Calculate basis of $U^\perp$ with $U=\langle \left(\begin{array}{c} 1\\ 1\\ 1\\ \end{array}\right) \rangle$ I used the approach $\mathbb{L}((1,1,1),0)$ and therefore got $(\left(\begin{array}{c} -1\\ 1\\ 0\\ \end{array}\right), \left(\begin{array}{c} -1\\ 0\\ 1\\ \end{array}\right))$
However in the solution the basis is $(\left(\begin{array}{c} 1\\ -1\\ 0\\ \end{array}\right), \left(\begin{array}{c} 0\\ -1\\ 1\\ \end{array}\right))$
Does my approach have an mistake or are both basis correct?
 A: Here's a result you can rely on to verify whether or not your candidate basis is valid.
Proposition. Suppose that $\{v_1,\dotsc, v_d\}$ is a basis of a vector subspace $V\subset\Bbb R^n$ and let $\{w_1,\dotsc, w_d\}\subset\Bbb R^n$. Let $A$ and $B$ be the matrices whose columns are $\{v_1,\dotsc,v_d\}$ and $\{w_1,\dotsc,w_d\}$ respectively, so
\begin{align*}
A &= \begin{bmatrix}v_1 & \dotsb & v_d\end{bmatrix} & B &= \begin{bmatrix}w_1 & \dotsb & w_d\end{bmatrix} 
\end{align*}
Then $\{w_1,\dotsc,w_d\}$ is a basis of $V$ if and only if there is an invertible matrix $P$ satisfying $AP=B$.

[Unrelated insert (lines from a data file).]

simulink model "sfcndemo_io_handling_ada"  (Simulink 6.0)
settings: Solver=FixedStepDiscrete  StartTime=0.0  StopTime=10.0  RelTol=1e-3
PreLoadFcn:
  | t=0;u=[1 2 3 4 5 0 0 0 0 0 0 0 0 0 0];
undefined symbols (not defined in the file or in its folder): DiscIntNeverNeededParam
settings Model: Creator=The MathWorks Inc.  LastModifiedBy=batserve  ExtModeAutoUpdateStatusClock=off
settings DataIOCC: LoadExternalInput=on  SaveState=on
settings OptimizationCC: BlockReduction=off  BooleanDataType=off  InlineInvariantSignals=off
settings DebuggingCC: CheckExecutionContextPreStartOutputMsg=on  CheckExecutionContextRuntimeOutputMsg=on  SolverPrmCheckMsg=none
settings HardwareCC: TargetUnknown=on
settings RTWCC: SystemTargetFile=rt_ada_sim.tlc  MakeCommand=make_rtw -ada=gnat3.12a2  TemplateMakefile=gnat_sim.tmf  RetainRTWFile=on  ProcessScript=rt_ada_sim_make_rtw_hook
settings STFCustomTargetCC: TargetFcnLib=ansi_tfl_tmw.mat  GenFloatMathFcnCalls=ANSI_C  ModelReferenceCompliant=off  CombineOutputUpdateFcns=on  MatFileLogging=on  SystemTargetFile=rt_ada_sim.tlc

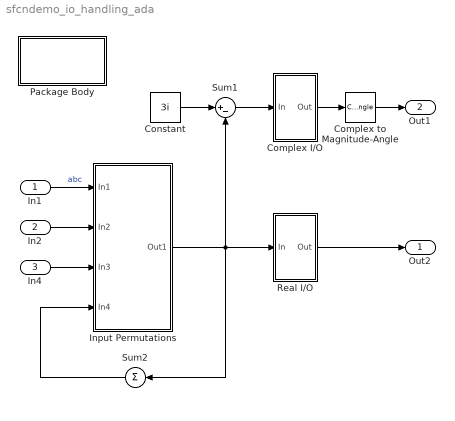
== system sfcndemo_io_handling_ada ==
  In1 : Inport  Port=1  PortDimensions=5  LatchInput=off
  In2 : Inport  Port=2  PortDimensions=5  LatchInput=off
  In4 : Inport  Port=3  PortDimensions=5  LatchInput=off
      settings: SignalType=complex
  Complex I/O : Subsystem  PropExecContextAcrossSSBoundary=on
  Complex to Magnitude-Angle : ComplexToMagnitudeAngle  Output=Magnitude
  Constant : Constant  Value=3i
  Input Permutations : Subsystem  PropExecContextAcrossSSBoundary=on
  Package Body : Subsystem  PropExecContextAcrossSSBoundary=on
      settings: CopyFcn=cccopyfcn(gcb)  OpenFcn=accopenfcn('Package Body')
      mask Type: Package Body
      mask Description: Add code to model .adb file
      mask Help: This block contains text fields to insert custom user code at the package body level.  You can add with dependencies, declarations, and elaboration code to the package body (models.adb file).
      mask Display: disp('Package\nBody');
  Real I/O : Subsystem  PropExecContextAcrossSSBoundary=on
  Sum1 : Sum  Inputs=|+-  SaturateOnIntegerOverflow=on  InputSameDT=on
  Sum2 : Sum  Orientation=left  Inputs=+  SaturateOnIntegerOverflow=on  InputSameDT=on
  Out2 : Outport
  Out1 : Outport  Port=2
  wires:
  In1/1 -> Input Permutations/1(In1)  "abc"
  In4/1 -> Input Permutations/3(In3)
  Sum2/1 -> Input Permutations/4(In4)
  Complex I/O/1(Out) -> Complex to Magnitude-Angle/1
  In2/1 -> Input Permutations/2(In2)
  Input Permutations/1(Out1) -> Real I/O/1(In), Sum2/1, Sum1/2
  Real I/O/1(Out) -> Out2/1
  Complex to Magnitude-Angle/1 -> Out1/1
  Sum1/1 -> Complex I/O/1(In)
  Constant/1 -> Sum1/1

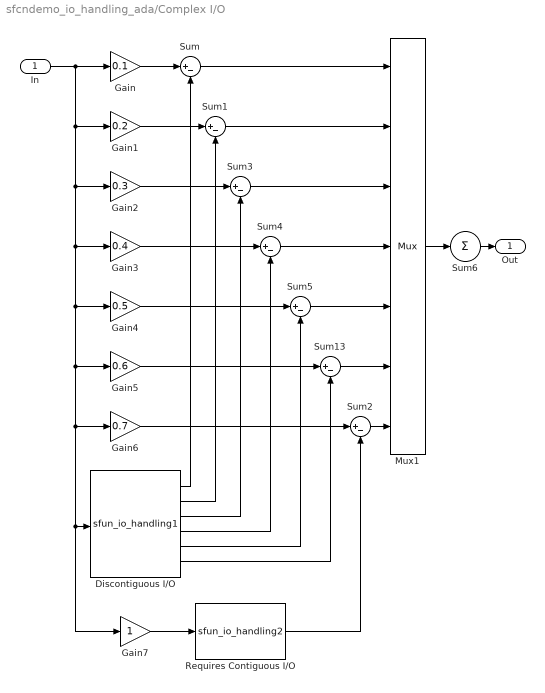
== system sfcndemo_io_handling_ada/Complex I/O ==
  In : Inport  Port=1  LatchInput=off
  Discontiguous I/O : S-Function  FunctionName=sfun_io_handling1
  Gain : Gain  Gain=0.1  SaturateOnIntegerOverflow=on
  Gain1 : Gain  Gain=0.2  SaturateOnIntegerOverflow=on
  Gain2 : Gain  Gain=0.3  SaturateOnIntegerOverflow=on
  Gain3 : Gain  Gain=0.4  SaturateOnIntegerOverflow=on
  Gain4 : Gain  Gain=0.5  SaturateOnIntegerOverflow=on
  Gain5 : Gain  Gain=0.6  SaturateOnIntegerOverflow=on
  Gain6 : Gain  Gain=0.7  SaturateOnIntegerOverflow=on
  Gain7 : Gain  SaturateOnIntegerOverflow=on
  Mux1 : Mux  Inputs=7
  Requires Contiguous I/O : S-Function  FunctionName=sfun_io_handling2
  Sum{,1..5,13} (7 alike) : Sum  Inputs=|+-  SaturateOnIntegerOverflow=on  InputSameDT=on
  Sum6 : Sum  Inputs=+  SaturateOnIntegerOverflow=on  InputSameDT=on
  Out : Outport
  wires:
  Gain7/1 -> Requires Contiguous I/O/1
  Gain/1 -> Sum/1
  Gain1/1 -> Sum1/1
  Discontiguous I/O/1 -> Sum/2
  Discontiguous I/O/2 -> Sum1/2
  Gain2/1 -> Sum3/1
  Discontiguous I/O/3 -> Sum3/2
  Gain3/1 -> Sum4/1
  Gain4/1 -> Sum5/1
  Discontiguous I/O/4 -> Sum4/2
  Discontiguous I/O/5 -> Sum5/2
  Sum6/1 -> Out/1
  Sum/1 -> Mux1/1
  Sum1/1 -> Mux1/2
  Sum3/1 -> Mux1/3
  Sum4/1 -> Mux1/4
  Sum5/1 -> Mux1/5
  Mux1/1 -> Sum6/1
  Sum13/1 -> Mux1/6
  Gain5/1 -> Sum13/1
  Discontiguous I/O/6 -> Sum13/2
  In/1 -> Gain/1, Gain1/1, Gain2/1, Gain3/1, Gain4/1, Gain5/1, Gain7/1, Discontiguous I/O/1, Gain6/1
  Gain6/1 -> Sum2/1
  Sum2/1 -> Mux1/7
  Requires Contiguous I/O/1 -> Sum2/2

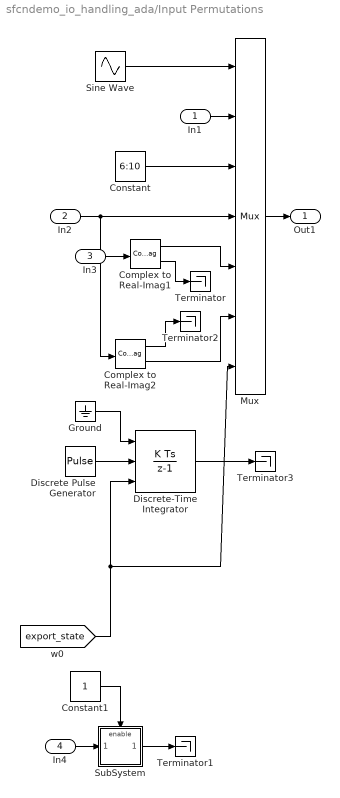
== system sfcndemo_io_handling_ada/Input Permutations ==
  In1 : Inport  Port=1  LatchInput=off
  In2 : Inport  Port=2  LatchInput=off
  In3 : Inport  Port=3  LatchInput=off
  In4 : Inport  Port=4  LatchInput=off
  Complex to Real-Imag1 : ComplexToRealImag
  Complex to Real-Imag2 : ComplexToRealImag
  Constant : Constant  Value=6:10
  Constant1 : Constant
  Discrete Pulse Generator : DiscretePulseGenerator
  Discrete-Time Integrator : DiscreteIntegrator  ExternalReset=either  InitialConditionSource=external  InitialCondition=-5:-1  ICPrevOutput=DiscIntNeverNeededParam  ICPrevScaledInput=DiscIntNeverNeededParam
  Ground : Ground
  Mux : Mux  Inputs=7
  Sine Wave : Sin  Amplitude=1:5  SampleTime=1
  SubSystem : Subsystem  TreatAsAtomicUnit=on  PropExecContextAcrossSSBoundary=on
  Terminator{,1..3} (4 alike) : Terminator
  Out1 : Outport
  wires:
  Sine Wave/1 -> Mux/1
  Constant/1 -> Mux/3
  Constant1/1 -> SubSystem/Enable
  [export_state] -> Discrete-Time Integrator/3, Mux/7
  Discrete Pulse Generator/1 -> Discrete-Time Integrator/2
  Complex to Real-Imag1/1 -> Mux/5
  Complex to Real-Imag2/2 -> Mux/6
  SubSystem/1(Out1) -> Terminator1/1
  Complex to Real-Imag1/2 -> Terminator/1
  Complex to Real-Imag2/1 -> Terminator2/1
  Ground/1 -> Discrete-Time Integrator/1
  Discrete-Time Integrator/1 -> Terminator3/1
  In1/1 -> Mux/2
  In2/1 -> Mux/4, Complex to Real-Imag2/1
  Mux/1 -> Out1/1
  In3/1 -> Complex to Real-Imag1/1
  In4/1 -> SubSystem/1(In1)

== system sfcndemo_io_handling_ada/Package Body ==

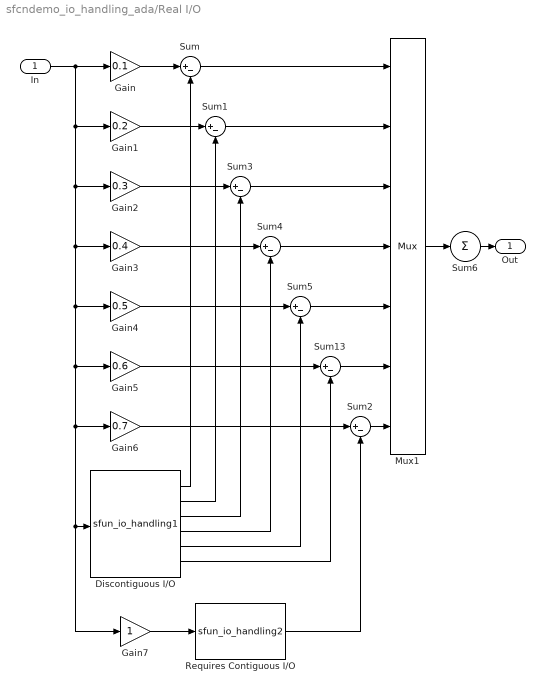
== system sfcndemo_io_handling_ada/Real I/O ==
  In : Inport  Port=1  LatchInput=off
  Discontiguous I/O : S-Function  FunctionName=sfun_io_handling1
  Gain : Gain  Gain=0.1  SaturateOnIntegerOverflow=on
  Gain1 : Gain  Gain=0.2  SaturateOnIntegerOverflow=on
  Gain2 : Gain  Gain=0.3  SaturateOnIntegerOverflow=on
  Gain3 : Gain  Gain=0.4  SaturateOnIntegerOverflow=on
  Gain4 : Gain  Gain=0.5  SaturateOnIntegerOverflow=on
  Gain5 : Gain  Gain=0.6  SaturateOnIntegerOverflow=on
  Gain6 : Gain  Gain=0.7  SaturateOnIntegerOverflow=on
  Gain7 : Gain  SaturateOnIntegerOverflow=on
  Mux1 : Mux  Inputs=7
  Requires Contiguous I/O : S-Function  FunctionName=sfun_io_handling2
  Sum{,1..5,13} (7 alike) : Sum  Inputs=|+-  SaturateOnIntegerOverflow=on  InputSameDT=on
  Sum6 : Sum  Inputs=+  SaturateOnIntegerOverflow=on  InputSameDT=on
  Out : Outport
  wires:
  Requires Contiguous I/O/1 -> Sum2/2
  Sum2/1 -> Mux1/7
  Gain6/1 -> Sum2/1
  In/1 -> Gain6/1, Discontiguous I/O/1, Gain7/1, Gain5/1, Gain4/1, Gain3/1, Gain2/1, Gain1/1, Gain/1
  Discontiguous I/O/6 -> Sum13/2
  Gain5/1 -> Sum13/1
  Sum13/1 -> Mux1/6
  Mux1/1 -> Sum6/1
  Sum5/1 -> Mux1/5
  Sum4/1 -> Mux1/4
  Sum3/1 -> Mux1/3
  Sum1/1 -> Mux1/2
  Sum/1 -> Mux1/1
  Sum6/1 -> Out/1
  Discontiguous I/O/5 -> Sum5/2
  Discontiguous I/O/4 -> Sum4/2
  Gain4/1 -> Sum5/1
  Gain3/1 -> Sum4/1
  Discontiguous I/O/3 -> Sum3/2
  Gain2/1 -> Sum3/1
  Discontiguous I/O/2 -> Sum1/2
  Discontiguous I/O/1 -> Sum/2
  Gain1/1 -> Sum1/1
  Gain/1 -> Sum/1
  Gain7/1 -> Requires Contiguous I/O/1

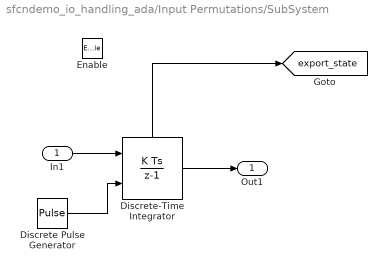
== system sfcndemo_io_handling_ada/Input Permutations/SubSystem ==
  In1 : Inport  Port=1  LatchInput=off
  Enable : EnablePort
  Discrete Pulse Generator : DiscretePulseGenerator
  Discrete-Time Integrator : DiscreteIntegrator  ExternalReset=either  InitialCondition=-5:-1  ShowStatePort=on  ICPrevOutput=DiscIntNeverNeededParam  ICPrevScaledInput=DiscIntNeverNeededParam
  Out1 : Outport
  tag scope: export_state=global
  wires:
  In1/1 -> Discrete-Time Integrator/1
  Discrete-Time Integrator/State -> [export_state]
  Discrete Pulse Generator/1 -> Discrete-Time Integrator/2
  Discrete-Time Integrator/1 -> Out1/1
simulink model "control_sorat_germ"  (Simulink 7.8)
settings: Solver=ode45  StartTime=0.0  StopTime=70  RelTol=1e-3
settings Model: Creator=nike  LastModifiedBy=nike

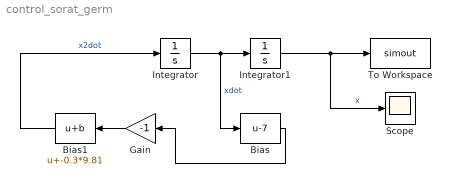
== system control_sorat_germ ==
  Bias : Bias  Bias=-7
  Bias1 : Bias  Bias=-0.3*9.81
  Gain : Gain  Gain=-1
  Integrator : Integrator  InitialCondition=70
  Integrator1 : Integrator
  Scope : Scope
  To Workspace : ToWorkspace  VariableName=simout  SampleTime=-1  SaveFormat=Structure
  wires:
  Integrator/1 -> Integrator1/1, Bias/1  "xdot"
  Integrator1/1 -> To Workspace/1, Scope/1  "x"
  Bias1/1 -> Integrator/1  "x2dot"
  Bias/1 -> Gain/1
  Gain/1 -> Bias1/1

In your situation, the matrices $A$ and $B$ are given by
\begin{align*}
A &= \left[\begin{array}{rr}
-1 & -1 \\
1 & 0 \\
0 & 1
\end{array}\right] & B &= \left[\begin{array}{rr}
1 & 0 \\
-1 & -1 \\
0 & 1
\end{array}\right]
\end{align*}
Is there an invertible $P$ satisfying $AP=B$?
Hint. Using the notation from the proposition, we have $w_1=-v_1$ and $w_2=-v_1+v_2$. How might this help us construct $P$?
A: There is no such thing as the basis for a vector space, except for the trivial case when the vector space has dimension $0$ (that is, $V=\{0\}$).
The author of the solution just made a different choice of the free variables when solving $x+y+z=0$. Writing the equation as $y=-x-z$, yields the basis
$$
\left\{\,\begin{bmatrix} 1 \\ -1 \\ 0 \end{bmatrix},
\begin{bmatrix} 0 \\ -1 \\ 1 \end{bmatrix}\,\right\}
$$
However, from $x=-y-z$, as you did, you can also get the basis
$$
\left\{\,\begin{bmatrix} -2 \\ 1 \\ 1 \end{bmatrix},
\begin{bmatrix} 0 \\ 1 \\ -1 \end{bmatrix}\,\right\}
$$
The important thing is that when you remove the row(s) corresponding to the nonfree variable(s), the resulting vectors make a basis of $\mathbb{R}^k$ ($k$ the number of free variables). Choosing the standard basis is the most obvious choice, of course.